▶ _Exercise input_:
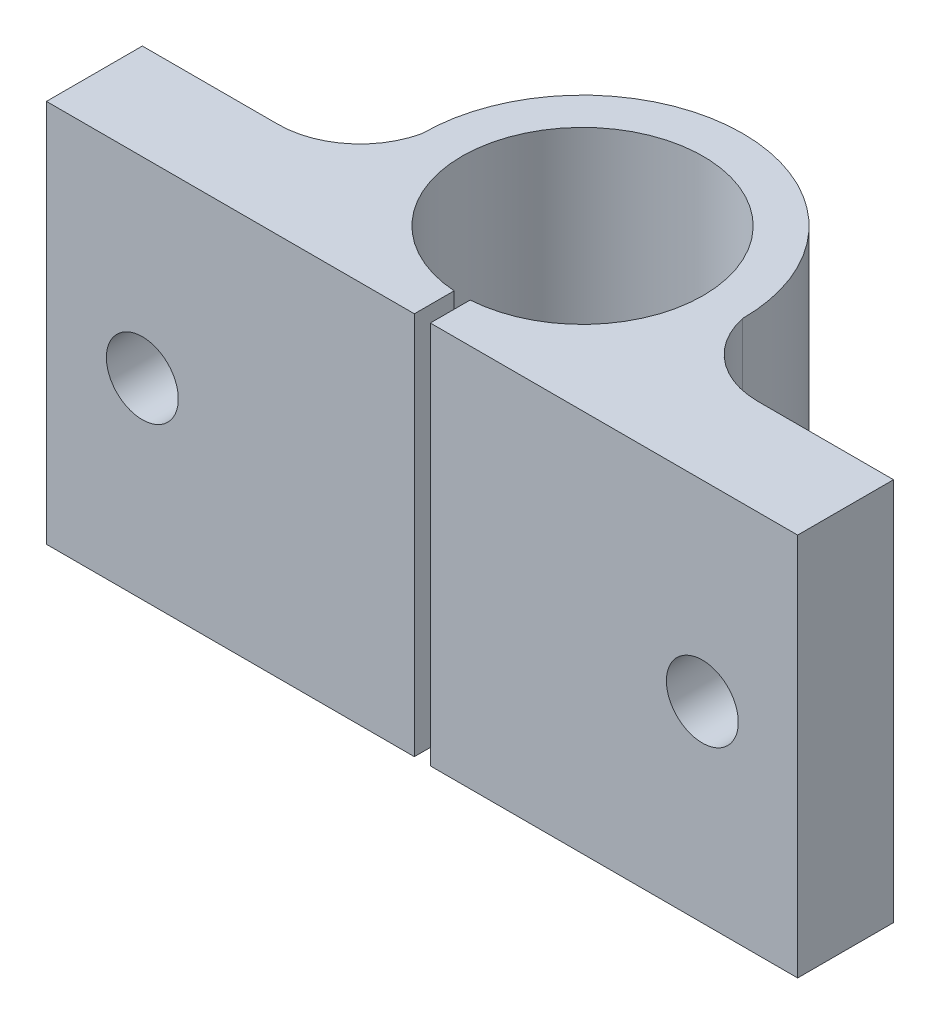
ISO-10303-21;
HEADER;
FILE_DESCRIPTION(('STEP AP214'),'2;1');
FILE_NAME('part.step','',(''),(''),'','','');
FILE_SCHEMA(('AUTOMOTIVE_DESIGN { 1 0 10303 214 1 1 1 1 }'));
ENDSEC;
DATA;
#1=APPLICATION_CONTEXT('core data for automotive mechanical design processes');
#2=APPLICATION_PROTOCOL_DEFINITION('international standard','automotive_design',2000,#1);
#3=PRODUCT_CONTEXT('',#1,'mechanical');
#4=PRODUCT('Part','Part','',(#3));
#5=PRODUCT_RELATED_PRODUCT_CATEGORY('part','',(#4));
#6=PRODUCT_DEFINITION_FORMATION('','',#4);
#7=PRODUCT_DEFINITION_CONTEXT('part definition',#1,'design');
#8=PRODUCT_DEFINITION('design','',#6,#7);
#9=PRODUCT_DEFINITION_SHAPE('','',#8);
#10=(LENGTH_UNIT() NAMED_UNIT(*) SI_UNIT(.MILLI.,.METRE.));
#11=(NAMED_UNIT(*) PLANE_ANGLE_UNIT() SI_UNIT($,.RADIAN.));
#12=(NAMED_UNIT(*) SI_UNIT($,.STERADIAN.) SOLID_ANGLE_UNIT());
#13=UNCERTAINTY_MEASURE_WITH_UNIT(LENGTH_MEASURE(1.E-05),#10,'distance_accuracy_value','');
#14=(GEOMETRIC_REPRESENTATION_CONTEXT(3) GLOBAL_UNCERTAINTY_ASSIGNED_CONTEXT((#13)) GLOBAL_UNIT_ASSIGNED_CONTEXT((#10,
#11,#12)) REPRESENTATION_CONTEXT('',''));
#15=CARTESIAN_POINT('',(0.,0.,0.));
#16=DIRECTION('',(0.,0.,1.));
#17=DIRECTION('',(1.,0.,0.));
#18=AXIS2_PLACEMENT_3D('',#15,#16,#17);
#19=CARTESIAN_POINT('',(0.,0.,0.));
#20=DIRECTION('',(0.,0.,1.));
#21=DIRECTION('',(1.,0.,0.));
#22=AXIS2_PLACEMENT_3D('',#19,#20,#21);
#23=PLANE('',#22);
#24=CARTESIAN_POINT('',(41.0372666212457,12.,0.));
#25=DIRECTION('',(0.,0.,-1.));
#26=DIRECTION('',(-1.,0.,0.));
#27=AXIS2_PLACEMENT_3D('',#24,#25,#26);
#28=CIRCLE('',#27,2.25000000000006);
#29=CARTESIAN_POINT('',(38.7872666212456,12.,0.));
#30=VERTEX_POINT('',#29);
#31=EDGE_CURVE('E222',#30,#30,#28,.T.);
#32=ORIENTED_EDGE('',*,*,#31,.T.);
#33=EDGE_LOOP('',(#32));
#34=FACE_BOUND('',#33,.T.);
#35=DIRECTION('',(0.,-1.,0.));
#36=VECTOR('',#35,1.);
#37=CARTESIAN_POINT('',(24.0186333106229,24.,0.));
#38=LINE('',#37,#36);
#39=CARTESIAN_POINT('',(24.0186333106229,24.,0.));
#40=VERTEX_POINT('',#39);
#41=CARTESIAN_POINT('',(24.0186333106229,0.,0.));
#42=VERTEX_POINT('',#41);
#43=EDGE_CURVE('E234',#40,#42,#38,.T.);
#44=ORIENTED_EDGE('',*,*,#43,.T.);
#45=DIRECTION('',(1.,0.,0.));
#46=VECTOR('',#45,1.);
#47=CARTESIAN_POINT('',(0.,0.,0.));
#48=LINE('',#47,#46);
#49=CARTESIAN_POINT('',(47.,0.,0.));
#50=VERTEX_POINT('',#49);
#51=EDGE_CURVE('E247',#42,#50,#48,.T.);
#52=ORIENTED_EDGE('',*,*,#51,.T.);
#53=DIRECTION('',(0.,1.,0.));
#54=VECTOR('',#53,1.);
#55=CARTESIAN_POINT('',(47.,0.,0.));
#56=LINE('',#55,#54);
#57=CARTESIAN_POINT('',(47.,24.,0.));
#58=VERTEX_POINT('',#57);
#59=EDGE_CURVE('E173',#50,#58,#56,.T.);
#60=ORIENTED_EDGE('',*,*,#59,.T.);
#61=DIRECTION('',(1.,0.,0.));
#62=VECTOR('',#61,1.);
#63=CARTESIAN_POINT('',(0.,24.,0.));
#64=LINE('',#63,#62);
#65=EDGE_CURVE('E147',#40,#58,#64,.T.);
#66=ORIENTED_EDGE('',*,*,#65,.F.);
#67=EDGE_LOOP('',(#44,#52,#60,#66));
#68=FACE_BOUND('',#67,.T.);
#69=ADVANCED_FACE('F32',(#34,#68),#23,.T.);
#70=CARTESIAN_POINT('',(0.,0.,-6.));
#71=DIRECTION('',(-1.,0.,0.));
#72=DIRECTION('',(0.,0.,1.));
#73=AXIS2_PLACEMENT_3D('',#70,#71,#72);
#74=PLANE('',#73);
#75=DIRECTION('',(0.,0.,1.));
#76=VECTOR('',#75,1.);
#77=CARTESIAN_POINT('',(0.,24.,-6.));
#78=LINE('',#77,#76);
#79=CARTESIAN_POINT('',(0.,24.,-6.));
#80=VERTEX_POINT('',#79);
#81=CARTESIAN_POINT('',(0.,24.,0.));
#82=VERTEX_POINT('',#81);
#83=EDGE_CURVE('E144',#80,#82,#78,.T.);
#84=ORIENTED_EDGE('',*,*,#83,.F.);
#85=DIRECTION('',(0.,1.,0.));
#86=VECTOR('',#85,1.);
#87=CARTESIAN_POINT('',(0.,0.,-6.));
#88=LINE('',#87,#86);
#89=CARTESIAN_POINT('',(0.,0.,-6.));
#90=VERTEX_POINT('',#89);
#91=EDGE_CURVE('E11',#90,#80,#88,.T.);
#92=ORIENTED_EDGE('',*,*,#91,.F.);
#93=DIRECTION('',(0.,0.,1.));
#94=VECTOR('',#93,1.);
#95=CARTESIAN_POINT('',(0.,0.,-6.));
#96=LINE('',#95,#94);
#97=CARTESIAN_POINT('',(0.,0.,0.));
#98=VERTEX_POINT('',#97);
#99=EDGE_CURVE('E166',#90,#98,#96,.T.);
#100=ORIENTED_EDGE('',*,*,#99,.T.);
#101=DIRECTION('',(0.,1.,0.));
#102=VECTOR('',#101,1.);
#103=CARTESIAN_POINT('',(0.,0.,0.));
#104=LINE('',#103,#102);
#105=EDGE_CURVE('E36',#98,#82,#104,.T.);
#106=ORIENTED_EDGE('',*,*,#105,.T.);
#107=EDGE_LOOP('',(#84,#92,#100,#106));
#108=FACE_BOUND('',#107,.T.);
#109=ADVANCED_FACE('F34',(#108),#74,.T.);
#110=CARTESIAN_POINT('',(8.50000000000001,0.,-6.));
#111=DIRECTION('',(0.,0.,-1.));
#112=DIRECTION('',(-1.,0.,0.));
#113=AXIS2_PLACEMENT_3D('',#110,#111,#112);
#114=PLANE('',#113);
#115=CARTESIAN_POINT('',(6.,12.,-6.00000000000001));
#116=DIRECTION('',(0.,0.,-1.));
#117=DIRECTION('',(-1.,0.,0.));
#118=AXIS2_PLACEMENT_3D('',#115,#116,#117);
#119=CIRCLE('',#118,2.25000000000007);
#120=CARTESIAN_POINT('',(3.74999999999994,12.,-6.00000000000001));
#121=VERTEX_POINT('',#120);
#122=EDGE_CURVE('E217',#121,#121,#119,.T.);
#123=ORIENTED_EDGE('',*,*,#122,.F.);
#124=EDGE_LOOP('',(#123));
#125=FACE_BOUND('',#124,.T.);
#126=DIRECTION('',(-1.,0.,0.));
#127=VECTOR('',#126,1.);
#128=CARTESIAN_POINT('',(8.50000000000001,24.,-6.));
#129=LINE('',#128,#127);
#130=CARTESIAN_POINT('',(8.50000000000001,24.,-6.00000000000002));
#131=VERTEX_POINT('',#130);
#132=EDGE_CURVE('E164',#131,#80,#129,.T.);
#133=ORIENTED_EDGE('',*,*,#132,.F.);
#134=DIRECTION('',(0.,1.,0.));
#135=VECTOR('',#134,1.);
#136=CARTESIAN_POINT('',(8.50000000000001,0.,-6.00000000000002));
#137=LINE('',#136,#135);
#138=CARTESIAN_POINT('',(8.50000000000001,0.,-6.00000000000002));
#139=VERTEX_POINT('',#138);
#140=EDGE_CURVE('E41',#139,#131,#137,.T.);
#141=ORIENTED_EDGE('',*,*,#140,.F.);
#142=DIRECTION('',(-1.,0.,0.));
#143=VECTOR('',#142,1.);
#144=CARTESIAN_POINT('',(8.50000000000001,0.,-6.));
#145=LINE('',#144,#143);
#146=EDGE_CURVE('E134',#139,#90,#145,.T.);
#147=ORIENTED_EDGE('',*,*,#146,.T.);
#148=ORIENTED_EDGE('',*,*,#91,.T.);
#149=EDGE_LOOP('',(#133,#141,#147,#148));
#150=FACE_BOUND('',#149,.T.);
#151=ADVANCED_FACE('F186',(#125,#150),#114,.T.);
#152=CARTESIAN_POINT('',(8.50000000000001,0.,-11.1210427356607));
#153=DIRECTION('',(0.,1.,0.));
#154=DIRECTION('',(0.,0.,1.));
#155=AXIS2_PLACEMENT_3D('',#152,#153,#154);
#156=CYLINDRICAL_SURFACE('',#155,5.12104273566066);
#157=CARTESIAN_POINT('',(8.50000000000001,24.,-11.1210427356607));
#158=DIRECTION('',(0.,-1.,0.));
#159=DIRECTION('',(0.,0.,-1.));
#160=AXIS2_PLACEMENT_3D('',#157,#158,#159);
#161=CIRCLE('',#160,5.12104273566066);
#162=CARTESIAN_POINT('',(13.4959473897421,24.,-9.99605901160399));
#163=VERTEX_POINT('',#162);
#164=EDGE_CURVE('E120',#163,#131,#161,.T.);
#165=ORIENTED_EDGE('',*,*,#164,.F.);
#166=DIRECTION('',(0.,1.,0.));
#167=VECTOR('',#166,1.);
#168=CARTESIAN_POINT('',(13.4959473897421,0.,-9.99605901160399));
#169=LINE('',#168,#167);
#170=CARTESIAN_POINT('',(13.4959473897421,0.,-9.99605901160399));
#171=VERTEX_POINT('',#170);
#172=EDGE_CURVE('E114',#171,#163,#169,.T.);
#173=ORIENTED_EDGE('',*,*,#172,.F.);
#174=CARTESIAN_POINT('',(8.50000000000001,0.,-11.1210427356607));
#175=DIRECTION('',(0.,-1.,0.));
#176=DIRECTION('',(0.,0.,-1.));
#177=AXIS2_PLACEMENT_3D('',#174,#175,#176);
#178=CIRCLE('',#177,5.12104273566066);
#179=EDGE_CURVE('E117',#171,#139,#178,.T.);
#180=ORIENTED_EDGE('',*,*,#179,.T.);
#181=ORIENTED_EDGE('',*,*,#140,.T.);
#182=EDGE_LOOP('',(#165,#173,#180,#181));
#183=FACE_BOUND('',#182,.T.);
#184=ADVANCED_FACE('F116',(#183),#156,.F.);
#185=CARTESIAN_POINT('',(23.5186333106229,0.,-10.0227213844719));
#186=DIRECTION('',(0.,1.,0.));
#187=DIRECTION('',(0.,0.,1.));
#188=AXIS2_PLACEMENT_3D('',#185,#186,#187);
#189=CYLINDRICAL_SURFACE('',#188,10.0227213844719);
#190=CARTESIAN_POINT('',(23.5186333106229,24.,-10.0227213844719));
#191=DIRECTION('',(0.,1.,0.));
#192=DIRECTION('',(0.,0.,1.));
#193=AXIS2_PLACEMENT_3D('',#190,#191,#192);
#194=CIRCLE('',#193,10.0227213844719);
#195=CARTESIAN_POINT('',(33.5413546555968,24.,-10.021831577252));
#196=VERTEX_POINT('',#195);
#197=EDGE_CURVE('E161',#196,#163,#194,.T.);
#198=ORIENTED_EDGE('',*,*,#197,.F.);
#199=DIRECTION('',(0.,1.,0.));
#200=VECTOR('',#199,1.);
#201=CARTESIAN_POINT('',(33.5413546555968,0.,-10.021831577252));
#202=LINE('',#201,#200);
#203=CARTESIAN_POINT('',(33.5413546555968,0.,-10.021831577252));
#204=VERTEX_POINT('',#203);
#205=EDGE_CURVE('E125',#204,#196,#202,.T.);
#206=ORIENTED_EDGE('',*,*,#205,.F.);
#207=CARTESIAN_POINT('',(23.5186333106229,0.,-10.0227213844719));
#208=DIRECTION('',(0.,1.,0.));
#209=DIRECTION('',(0.,0.,1.));
#210=AXIS2_PLACEMENT_3D('',#207,#208,#209);
#211=CIRCLE('',#210,10.0227213844719);
#212=EDGE_CURVE('E132',#204,#171,#211,.T.);
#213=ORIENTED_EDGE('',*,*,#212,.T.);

▶ _Try it_: Start with the line above that contains "#57=CARTESIAN_POINT('',(47.,24.,0.));" and stop after the line that contains "#114=PLANE('',#113);". Output those lines exactly, and only those.

▶ _Exercise answer_:
#57=CARTESIAN_POINT('',(47.,24.,0.));
#58=VERTEX_POINT('',#57);
#59=EDGE_CURVE('E173',#50,#58,#56,.T.);
#60=ORIENTED_EDGE('',*,*,#59,.T.);
#61=DIRECTION('',(1.,0.,0.));
#62=VECTOR('',#61,1.);
#63=CARTESIAN_POINT('',(0.,24.,0.));
#64=LINE('',#63,#62);
#65=EDGE_CURVE('E147',#40,#58,#64,.T.);
#66=ORIENTED_EDGE('',*,*,#65,.F.);
#67=EDGE_LOOP('',(#44,#52,#60,#66));
#68=FACE_BOUND('',#67,.T.);
#69=ADVANCED_FACE('F32',(#34,#68),#23,.T.);
#70=CARTESIAN_POINT('',(0.,0.,-6.));
#71=DIRECTION('',(-1.,0.,0.));
#72=DIRECTION('',(0.,0.,1.));
#73=AXIS2_PLACEMENT_3D('',#70,#71,#72);
#74=PLANE('',#73);
#75=DIRECTION('',(0.,0.,1.));
#76=VECTOR('',#75,1.);
#77=CARTESIAN_POINT('',(0.,24.,-6.));
#78=LINE('',#77,#76);
#79=CARTESIAN_POINT('',(0.,24.,-6.));
#80=VERTEX_POINT('',#79);
#81=CARTESIAN_POINT('',(0.,24.,0.));
#82=VERTEX_POINT('',#81);
#83=EDGE_CURVE('E144',#80,#82,#78,.T.);
#84=ORIENTED_EDGE('',*,*,#83,.F.);
#85=DIRECTION('',(0.,1.,0.));
#86=VECTOR('',#85,1.);
#87=CARTESIAN_POINT('',(0.,0.,-6.));
#88=LINE('',#87,#86);
#89=CARTESIAN_POINT('',(0.,0.,-6.));
#90=VERTEX_POINT('',#89);
#91=EDGE_CURVE('E11',#90,#80,#88,.T.);
#92=ORIENTED_EDGE('',*,*,#91,.F.);
#93=DIRECTION('',(0.,0.,1.));
#94=VECTOR('',#93,1.);
#95=CARTESIAN_POINT('',(0.,0.,-6.));
#96=LINE('',#95,#94);
#97=CARTESIAN_POINT('',(0.,0.,0.));
#98=VERTEX_POINT('',#97);
#99=EDGE_CURVE('E166',#90,#98,#96,.T.);
#100=ORIENTED_EDGE('',*,*,#99,.T.);
#101=DIRECTION('',(0.,1.,0.));
#102=VECTOR('',#101,1.);
#103=CARTESIAN_POINT('',(0.,0.,0.));
#104=LINE('',#103,#102);
#105=EDGE_CURVE('E36',#98,#82,#104,.T.);
#106=ORIENTED_EDGE('',*,*,#105,.T.);
#107=EDGE_LOOP('',(#84,#92,#100,#106));
#108=FACE_BOUND('',#107,.T.);
#109=ADVANCED_FACE('F34',(#108),#74,.T.);
#110=CARTESIAN_POINT('',(8.50000000000001,0.,-6.));
#111=DIRECTION('',(0.,0.,-1.));
#112=DIRECTION('',(-1.,0.,0.));
#113=AXIS2_PLACEMENT_3D('',#110,#111,#112);
#114=PLANE('',#113);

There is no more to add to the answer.